[time-nuts] HP5065B !!!

Magnus Danielson magnus at rubidium.dyndns.org
Sun Apr 28 12:36:16 UTC 2013


On 04/28/2013 02:01 PM, Attila Kinali wrote:
> On Sun, 28 Apr 2013 17:50:06 +1200
> Bruce Griffiths<bruce.griffiths at xtra.co.nz>  wrote:
>
>> Has anyone considered a laser pumped variant like:
>> http://tf.nist.gov/general/pdf/1009.pdf
>>
>> Apart from the ECDL laser (can be assembled using readily availalble
>> parts) it looks fairly straightforward.
>
> Considered, yes, tried, no. From what i've read sofar, this system
> has the problem of locking the laser wavelength onto the right
> absorbtion line. IIRC the linewidth of Rb in a vapor cell is a couple
> of 10kHz to a few 100kHz. Using an ECDL you get a laser linewidth of
> less than 1MHz easily, usally in the range of a few 100kHz and less.
> Ie. the laser would need to be kept on the absorption line with a stability
> of a couple of 100kHz at most. Using just a laser diode (without the
> external cavity) with its linewidth of>100MHz makes it actually a
> little bit easier to handle.
>
> But getting the laser to the right Rb absorption line and detecting whether
> it's off is still not solved. Most of the papers that i've read that do
> something similar use an additional vapor cell to determine the correct
> position of the laser.
>
> I'm quite sure that it could be done with a single vapor cell using
> some sophisticated control loop that steers both the 6.9Ghz signal
> and the laser wavelength, but i doubt it's easy. But then, i didn't
> have an in depth look at this.

When being at NIST last summer, they had us tour the facility. One of 
them was not as much a show but a physical lab. We got to trim up and 
test laser-cooling of... rubidium vapour. It was about 100000 of 
hardware on the table if I recall correctly, but nothing really advanced 
really. A secondary rubidium cell was used as a detector for the right 
rubidium features. Using that and tune two lasers with lock in 
amplifiers also having sweep features, it became fairly simple to do. 
More than half the table of equipment does not apply to a rubidium clock 
anyway, so the set up could be rationalized down considerably.

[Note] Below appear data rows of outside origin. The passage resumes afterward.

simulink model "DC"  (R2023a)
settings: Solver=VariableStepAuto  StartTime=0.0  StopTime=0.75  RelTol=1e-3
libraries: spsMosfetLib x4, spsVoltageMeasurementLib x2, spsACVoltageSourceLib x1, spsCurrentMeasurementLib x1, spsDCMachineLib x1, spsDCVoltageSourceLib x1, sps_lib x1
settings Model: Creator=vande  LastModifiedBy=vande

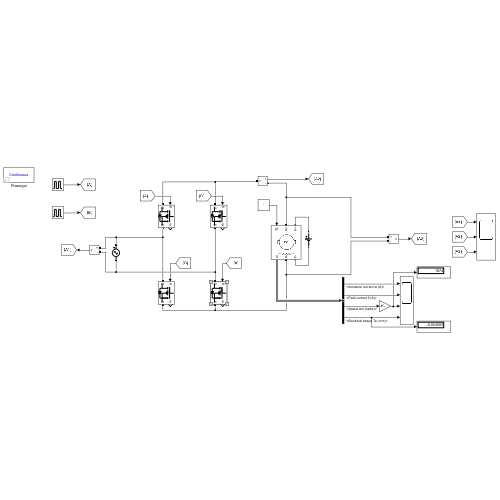
[thumbnail: Simulink's stored preview of the top-level diagram]
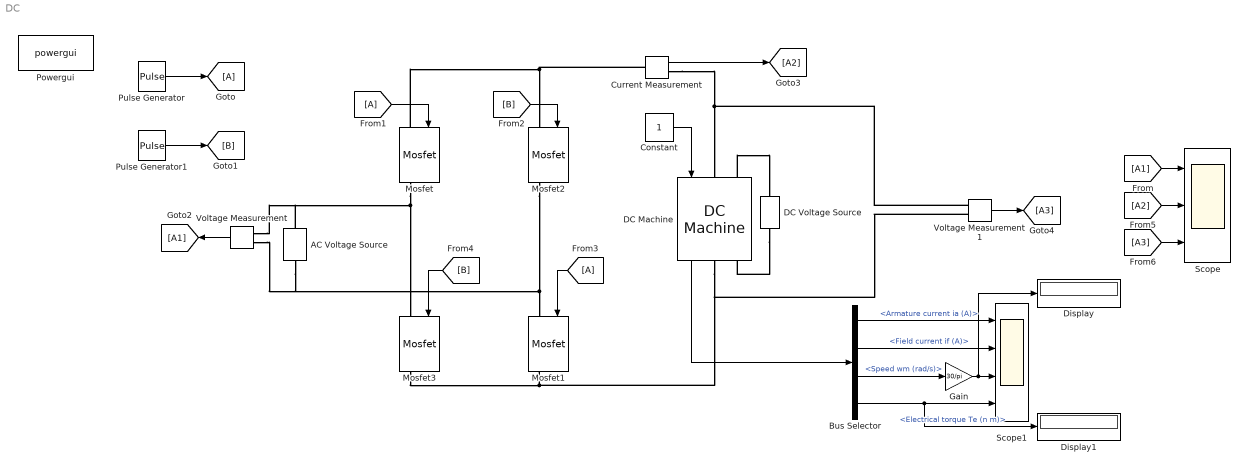
== system DC ==
  AC Voltage Source : spsACVoltageSourceLib/AC Voltage Source  Amplitude=339  Phase=0  Frequency=50  SampleTime=0  Measurements=None  BusType=swing  Pref=10e3  Qref=0  Qmin=-inf  Qmax=+inf
  Bus Selector : BusSelector  OutputSignals=Armature current ia (A),Field current if (A),Speed wm (rad/s),Electrical torque Te (n m)
  Constant : Constant
  Current Measurement : spsCurrentMeasurementLib/Current Measurement  PhasorSimulation=off  OutputType=Complex  PSBequivalent=0
  DC Machine : spsDCMachineLib/DC Machine  PresetModel=02: 5HP 240V 1750RPM Field:150V  MechanicalLoad=Torque TL  FieldType=Wound  ShowDetailedParameters=on  MeasurementBus=off  RLa=[0.78 0.016]  RLf=[150 112.5]  Laf=1.234  MachineConstant=Torque constant (N.m/A)  Ke=1.8  Kt=1.8  J=0.05  Bm=0.01  Tf=0  w0=1  Ifinit=1  TsPowergui=0  TsBlock=-1
  DC Voltage Source : spsDCVoltageSourceLib/DC Voltage Source  Amplitude=150  Measurements=None
  Display : Display
  Display1 : Display
  From1 : From
  From3 : From
  Gain : Gain  Gain=30/pi
  Goto : Goto
  Mosfet{,1..3} (4 alike) : spsMosfetLib/Mosfet  Ron=0.1  Lon=0  Rd=0.01  Vfd=0  IC=0  Rs=1e5  Cs=inf  Measurements=on
  Powergui : sps_lib/powergui  Priority=1  SimulationMode=Continuous  SampleTime=50e-6  frequency=60  Iterations=50  frequencyindice=50  Pbase=100e6  ErrMax=1e-4  UnitsV=kV  UnitsW=MW  buscounter=0  FunctionMessages=off  echomessages=off  EnableUseOfTLC=off  CurrentSourceSwitches=off  DisableSnubberDevices=off  DisableRonSwitches=off  DisableVfSwitches=off  DisplayEquations=off  AutomaticDiscreteSolvers=off  SolverType=Tustin/Backward Euler (TBE)  Interpol=off  ExternalGateDelay=off  methode=off  Ts=100  x0status=blocks  SPID=on  SwTol=0  HookPort=off  NonlinearTolerance=1e-4  nMaxIteration=100  ContinueOnMaxIteration=off  RestoreLinks=warning  ResistiveCurrentMeasurement=off  Frange=[0:2:500]  Ylog=off  Xlog=on  ShowGrid=off  save=off  variable=ZData  structure=0  ZoomFFT=off  StartTime=0.0  cycles=1  DisplayStyle=1  fundamental=60  FreqAxis=off  MaxFrequency=1000  frequencyindicesteady=1  RmsSteady=1  display=off
  Pulse Generator : DiscretePulseGenerator  PulseType=Time based  Period=10  PulseWidth=5
  Pulse Generator1 : DiscretePulseGenerator  PulseType=Time based  Period=10  PulseWidth=5  PhaseDelay=5
  Scope : Scope  NumInputPorts=3
  Scope1 : Scope  NumInputPorts=4
  Voltage Measurement : spsVoltageMeasurementLib/Voltage Measurement  PhasorSimulation=off  OutputType=Complex  PSBequivalent=0
  Voltage Measurement1 : spsVoltageMeasurementLib/Voltage Measurement  PhasorSimulation=off  OutputType=Complex  PSBequivalent=0
  wires:
  [A1] -> Scope/1
  Pulse Generator/1 -> Goto/1
  Pulse Generator1/1 -> [B]
  From1/1 -> Mosfet/1
  From3/1 -> Mosfet1/1
  [B] -> Mosfet2/1
  [B] -> Mosfet3/1
  Constant/1 -> DC Machine/1
  DC Machine/1 -> Bus Selector/1
  Current Measurement/1 -> [A2]
  Voltage Measurement/1 -> [A1]
  Voltage Measurement1/1 -> [A3]
  [A2] -> Scope/2
  [A3] -> Scope/3
  Bus Selector/1 -> Scope1/1  "<Armature current ia (A)>"
  Bus Selector/2 -> Scope1/2  "<Field current if (A)>"
  Bus Selector/3 -> Gain/1  "<Speed wm (rad/s)>"
  Bus Selector/4 -> Display1/1, Scope1/4  "<Electrical torque Te (n m)>"
  Gain/1 -> Display/1, Scope1/3
  connections:
  Mosfet/RConn1 -- Voltage Measurement/LConn1 -- AC Voltage Source/RConn1 -- Mosfet3/LConn1
  Mosfet2/RConn1 -- AC Voltage Source/LConn1 -- Voltage Measurement/LConn2 -- Mosfet1/LConn1
  DC Machine/LConn2 -- DC Voltage Source/RConn1
  DC Voltage Source/LConn1 -- DC Machine/RConn2
  Current Measurement/RConn1 -- Voltage Measurement1/LConn1 -- DC Machine/LConn1
  Mosfet/LConn1 -- Current Measurement/LConn1 -- Mosfet2/LConn1
  Mosfet3/RConn1 -- Voltage Measurement1/LConn2 -- DC Machine/RConn1 -- Mosfet1/RConn1
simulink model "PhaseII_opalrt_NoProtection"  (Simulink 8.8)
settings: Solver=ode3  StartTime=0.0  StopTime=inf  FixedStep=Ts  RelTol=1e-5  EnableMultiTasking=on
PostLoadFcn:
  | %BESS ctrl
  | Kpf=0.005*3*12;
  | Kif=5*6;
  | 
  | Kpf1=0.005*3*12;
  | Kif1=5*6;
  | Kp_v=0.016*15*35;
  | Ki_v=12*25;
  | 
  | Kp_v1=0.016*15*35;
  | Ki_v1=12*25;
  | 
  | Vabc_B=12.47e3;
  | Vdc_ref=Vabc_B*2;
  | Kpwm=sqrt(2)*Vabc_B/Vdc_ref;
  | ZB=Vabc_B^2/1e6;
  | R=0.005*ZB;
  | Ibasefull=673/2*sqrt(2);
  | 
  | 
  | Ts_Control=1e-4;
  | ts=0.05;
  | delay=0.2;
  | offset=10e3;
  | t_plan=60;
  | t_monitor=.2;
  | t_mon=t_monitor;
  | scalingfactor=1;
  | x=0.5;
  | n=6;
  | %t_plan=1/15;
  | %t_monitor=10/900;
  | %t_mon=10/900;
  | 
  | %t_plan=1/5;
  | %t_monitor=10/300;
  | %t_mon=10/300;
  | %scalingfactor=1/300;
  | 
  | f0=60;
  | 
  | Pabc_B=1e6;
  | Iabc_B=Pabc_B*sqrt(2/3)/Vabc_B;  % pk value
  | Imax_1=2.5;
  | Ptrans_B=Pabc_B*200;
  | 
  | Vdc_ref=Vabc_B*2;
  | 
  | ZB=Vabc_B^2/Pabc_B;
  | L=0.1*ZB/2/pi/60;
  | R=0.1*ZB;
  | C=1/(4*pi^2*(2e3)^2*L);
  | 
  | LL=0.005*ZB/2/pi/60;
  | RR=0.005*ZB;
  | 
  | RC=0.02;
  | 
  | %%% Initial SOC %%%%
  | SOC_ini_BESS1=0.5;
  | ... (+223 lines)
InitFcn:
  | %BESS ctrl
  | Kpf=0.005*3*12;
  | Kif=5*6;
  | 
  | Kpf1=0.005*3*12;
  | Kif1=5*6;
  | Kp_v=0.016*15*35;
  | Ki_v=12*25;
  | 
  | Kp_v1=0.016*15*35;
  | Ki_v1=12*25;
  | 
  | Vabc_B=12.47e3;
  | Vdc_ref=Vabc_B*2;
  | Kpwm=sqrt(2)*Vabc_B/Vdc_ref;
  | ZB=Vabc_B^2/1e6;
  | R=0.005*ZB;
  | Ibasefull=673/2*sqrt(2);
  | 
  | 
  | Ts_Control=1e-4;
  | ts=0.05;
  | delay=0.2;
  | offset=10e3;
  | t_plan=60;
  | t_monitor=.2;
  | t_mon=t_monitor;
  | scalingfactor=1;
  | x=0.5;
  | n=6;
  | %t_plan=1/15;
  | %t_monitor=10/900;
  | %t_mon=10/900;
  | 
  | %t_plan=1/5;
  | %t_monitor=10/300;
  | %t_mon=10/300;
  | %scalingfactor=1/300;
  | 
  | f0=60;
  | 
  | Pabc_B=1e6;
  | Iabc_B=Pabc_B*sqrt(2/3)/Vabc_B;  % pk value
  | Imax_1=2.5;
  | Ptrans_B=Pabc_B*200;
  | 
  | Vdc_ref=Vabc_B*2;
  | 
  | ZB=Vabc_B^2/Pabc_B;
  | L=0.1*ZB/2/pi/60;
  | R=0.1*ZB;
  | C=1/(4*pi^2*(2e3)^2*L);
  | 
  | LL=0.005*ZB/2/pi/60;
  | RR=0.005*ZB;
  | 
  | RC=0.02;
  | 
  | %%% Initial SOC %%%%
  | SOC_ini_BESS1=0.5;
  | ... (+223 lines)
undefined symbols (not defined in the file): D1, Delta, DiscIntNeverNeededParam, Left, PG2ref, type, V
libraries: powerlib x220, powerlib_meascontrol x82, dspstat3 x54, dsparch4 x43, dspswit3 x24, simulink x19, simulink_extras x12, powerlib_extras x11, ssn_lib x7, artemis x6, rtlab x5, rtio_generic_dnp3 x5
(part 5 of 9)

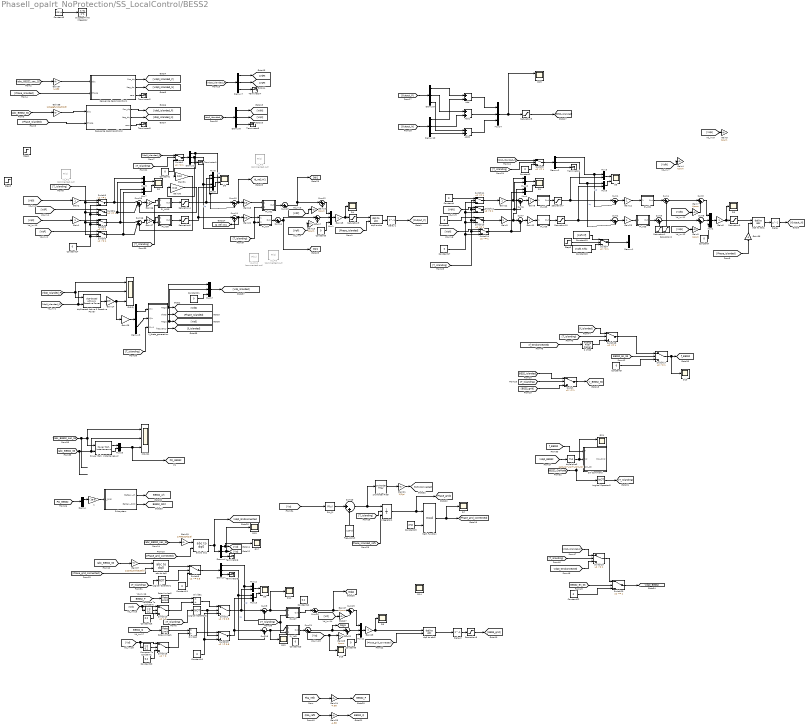
== system PhaseII_opalrt_NoProtection/SS_LocalControl/BESS2 ==
  "     1" : Gain  Gain=-1e-6
  2 kHz5 : dsparch4/Analog Filter Design  method=Butterworth  filttype=Lowpass  N=2  Wlo=2*pi*1  Whi=80  Rp=2  Rs=40
  2nd-Order Filter : powerlib_extras/Control  Blocks/2nd-Order Filter  FilterType=Lowpass  Fo=25  Zeta=0.707  Initialize=on  Vac_Init=[0 0 60]  Vdc_Init=377  PlotResponse=off  param1=[1 1000 0.5]
  Add : Sum
  Add1 : Sum
  Add2 : Sum
  Compare To Constant : simulink/Logic and Bit Operations/Compare To Constant  relop=>=  const=0.2  OutDataTypeStr=boolean
  Compare To Constant1 : simulink/Logic and Bit Operations/Compare To Constant  relop=>=  const=0.2  OutDataTypeStr=boolean
  Constant{1..2,4..11,13..14,17,21..22} (15 alike) : Constant  Value=0  SampleTime=-1
  Constant12 : Constant  Value=0.1  SampleTime=-1
  Constant15 : Constant  Value=2*pi
  Constant16 : Constant  Value=0.2  SampleTime=-1
  Constant18 : Constant  Value=[Kpf1 Kif1]  SampleTime=-1
  Constant19 : Constant  Value=[Kpf Kif]  SampleTime=-1
  Constant20 : Constant  Value=0.2  SampleTime=-1
  Constant3 : Constant  Value=120*pi
  D{1..2,5..6,9,15} (6 alike) : Scope  NumInputPorts=2
  D{3..4,7..8,10..14,16..17} (11 alike) : Scope
  D21 : Scope  NumInputPorts=3
  Delay : Delay  DelayLength=1  InitialCondition=0
  Delay1 : Delay  DelayLength=1  InitialCondition=0
  Delay2 : Delay  DelayLength=1  InitialCondition=0
  Demux : Demux  Outputs=2
  Demux1 : Demux  Outputs=2
  Demux{2,4..10} (8 alike) : Demux  Outputs=3
  Demux3 : Demux  Outputs=2
  Discrete-Time Integrator : DiscreteIntegrator  SampleTime=-1  ICPrevOutput=DiscIntNeverNeededParam  ICPrevScaledInput=DiscIntNeverNeededParam
  Divide1 : Product  Inputs=*/
  Divide2 : Product  Inputs=*/
  Freq_Const : Constant  Value=120*pi
  Gain{1..3,6,8,11..12,15,22..23,29} (11 alike) : Gain
  Gain{4..5,7,9..10,13,27..28} (8 alike) : Gain  Gain=Kpwm
  Gain14 : Gain  Gain=2/3
  Gain{16..18,20} (4 alike) : Gain  Gain=0.5
  Gain19 : Gain  Gain=1/480/sqrt(2/3)
  Gain21 : Gain  Gain=1/2/pi
  Gain24 : Gain  Gain=-4.38
  Gain25 : Gain  Gain=-4.38
  Gain26 : Gain  Gain=0.228
  Gain30 : Gain  Gain=0.12
  Gain31 : Gain  Gain=0.12
  Gain36 : Gain  Gain=-1
  Gain37 : Gain  Gain=1/sqrt(2/3)/Ibasefull
  Gain38 : Gain  Gain=1/Ibasefull/sqrt(2/3)
  Gain57 : Gain  Gain=1/480
  ID&IQ : Scope  NumInputPorts=3
  ID&IQ1 : Scope  NumInputPorts=3
  Integrator1 : Integrator  ExternalReset=falling  InitialConditionSource=external  LimitOutput=on
  Logical Operator1 : Logic  Operator=NOT  Inputs=1  AllPortsSameDT=off  OutDataTypeStr=boolean
  Logical Operator2 : Logic  Operator=NOT  Inputs=1  AllPortsSameDT=off  OutDataTypeStr=boolean
  Logical Operator3 : Logic  Operator=NOT  AllPortsSameDT=off  OutDataTypeStr=boolean
  Math Function : Math  Operator=mod  SaturateOnIntegerOverflow=on
  Mux{1..2,11,14,17} (5 alike) : Mux  Inputs=3
  Mux{3..10,12..13,16} (11 alike) : Mux  Inputs=2
  PI_Vd1 : Subsystem
  PI_Vd10 : Subsystem
  PI_Vd2 : Subsystem
  PI_Vd3 : Subsystem
  PI_Vd4 : Subsystem
  PI_Vd5 : Subsystem
  PI_Vd6 : Subsystem
  PI_Vd7 : Subsystem
  PI_Vd8 : Subsystem
  PI_Vd9 : Subsystem
  PLL_PI : simulink/Continuous/PID Controller  Controller=PI  TimeDomain=Continuous-time  SampleTime=-1  IntegratorMethod=Forward Euler  FilterMethod=Forward Euler  Form=Parallel  UseFilter=on  ControllerParametersSource=internal  P=53*100  I=900*100  D=0  N=100  InitialConditionSource=internal  InitialConditionForIntegrator=0  InitialConditionForFilter=0  ExternalReset=none  ZeroCross=off  LimitOutput=on  UpperSaturationLimit=20  LowerSaturationLimit=-20  LinearizeAsGain=off  AntiWindupMode=clamping  Kb=1  TrackingMode=off  Kt=1  PParamMin=[]  PParamMax=[]  IParamMin=[]  IParamMax=[]  DParamMin=[]  DParamMax=[]  NParamMin=[]  NParamMax=[]  KbParamMin=[]  KbParamMax=[]  KtParamMin=[]  KtParamMax=[]  POutMin=[]  POutMax=[]  IOutMin=[]  IOutMax=[]  DOutMin=[]  DOutMax=[]  NOutMin=[]  NOutMax=[]  KbOutMin=[]  KbOutMax=[]  KtOutMin=[]  KtOutMax=[]  IntegratorOutMin=[]  IntegratorOutMax=[]  FilterOutMin=[]  FilterOutMax=[]  SumOutMin=[]  SumOutMax=[]  SumI1OutMin=[]  SumI1OutMax=[]  SumI2OutMin=[]  SumI2OutMax=[]  SumI3OutMin=[]  SumI3OutMax=[]  SumDOutMin=[]  SumDOutMax=[]  SaturationOutMin=[]  SaturationOutMax=[]  IntegratorContinuousStateAttributes=''  IntegratorStateMustResolveToSignalObject=off  IntegratorRTWStateStorageClass=Auto  FilterContinuousStateAttributes=''  FilterStateMustResolveToSignalObject=off  FilterRTWStateStorageClass=Auto  DifferentiatorICPrevScaledInput=0  DifferentiatorOutMin=[]  DifferentiatorOutMax=[]
  "Power (3ph, Instantaneous)" : powerlib_meascontrol/Measurements/Power (3ph, Instantaneous)
  Rate Limiter1 : RateLimiter  RisingSlewLimit=10  FallingSlewLimit=-10  SampleTimeMode=inherited
  Rate Limiter2 : RateLimiter  RisingSlewLimit=10  FallingSlewLimit=-10  SampleTimeMode=inherited
  SW Command : Subsystem
  Saturation1 : Saturate  UpperLimit=0.95  LowerLimit=-0.95
  Saturation10 : Saturate  UpperLimit=0.15  LowerLimit=-0.15  ZeroCross=off
  Saturation2 : Saturate  UpperLimit=0.95  LowerLimit=-0.95
  Saturation3 : Saturate  UpperLimit=1  LowerLimit=-1
  Saturation4 : Saturate  UpperLimit=2.2  LowerLimit=-2.2  ZeroCross=off
  Saturation5 : Saturate  UpperLimit=1.1  LowerLimit=-1.1  ZeroCross=off
  Saturation6 : Saturate  UpperLimit=2.2  LowerLimit=-2.2  ZeroCross=off
  Saturation7 : Saturate  UpperLimit=0.15  LowerLimit=-0.15  ZeroCross=off
  Saturation8 : Saturate  UpperLimit=1  LowerLimit=-1  ZeroCross=off
  Saturation9 : Saturate  UpperLimit=1  LowerLimit=-1  ZeroCross=off
  Sequence decomposition1 : Subsystem
  Sequence decomposition2 : Subsystem
  Step1 : Step  Time=0.5  SampleTime=0  ZeroCross=off
  Step3 : Step  Time=0.5  SampleTime=0  ZeroCross=off
  Step6 : Step  Time=0.35  SampleTime=0
  Subsystem : Subsystem  mask{AH=100}
      mask prompts: AH "Capacity[Ah]"
      mask Display: image(imread(fullfile(matlabroot,'toolbox/physmod/powersys/DR/DRdemo/Battery.jpg')))
  Sum{1..2,6..7,9..11,18} (8 alike) : Sum  Inputs=|-+
  Sum{3,5,8,12,14,17,19,21..23} (10 alike) : Sum  Inputs=|++
  Sum13 : Sum  Inputs=|+-
  Sum15 : Sum  Inputs=|-++
  Sum16 : Sum  Inputs=|-+-
  Sum20 : Sum  Inputs=|+-
  Sum4 : Sum  Inputs=|+-
  Switch{,7,14,17..20} (7 alike) : Switch  Threshold=1
  Switch{1,3..6,9,11..13} (9 alike) : Switch  Threshold=1  ZeroCross=off
  Switch10 : Switch  Criteria=u2 > Threshold
  Switch15 : Switch  Threshold=0.5  ZeroCross=off
  Switch16 : Switch  Criteria=u2 > Threshold
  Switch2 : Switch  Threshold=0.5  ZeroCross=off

We succeeded to laser-cool both the Rb-87 and Rb-85 :)

Turned out that once you got about the right wavelengths and fairly 
balanced polarization, much other things like the magnetic 
field-strength was not very critical at all to achieve and maintain the 
effect.

It was a fun lab to do, and I wish to learn more about steering laser 
wavelengths etc. I do far to little optical stuff.

It is also interesting that our optically pumped rubidiums is in fact 
more closely related to modern atomic standards than traditional caesium 
beams. The fountains is really a cross of them both to some degree.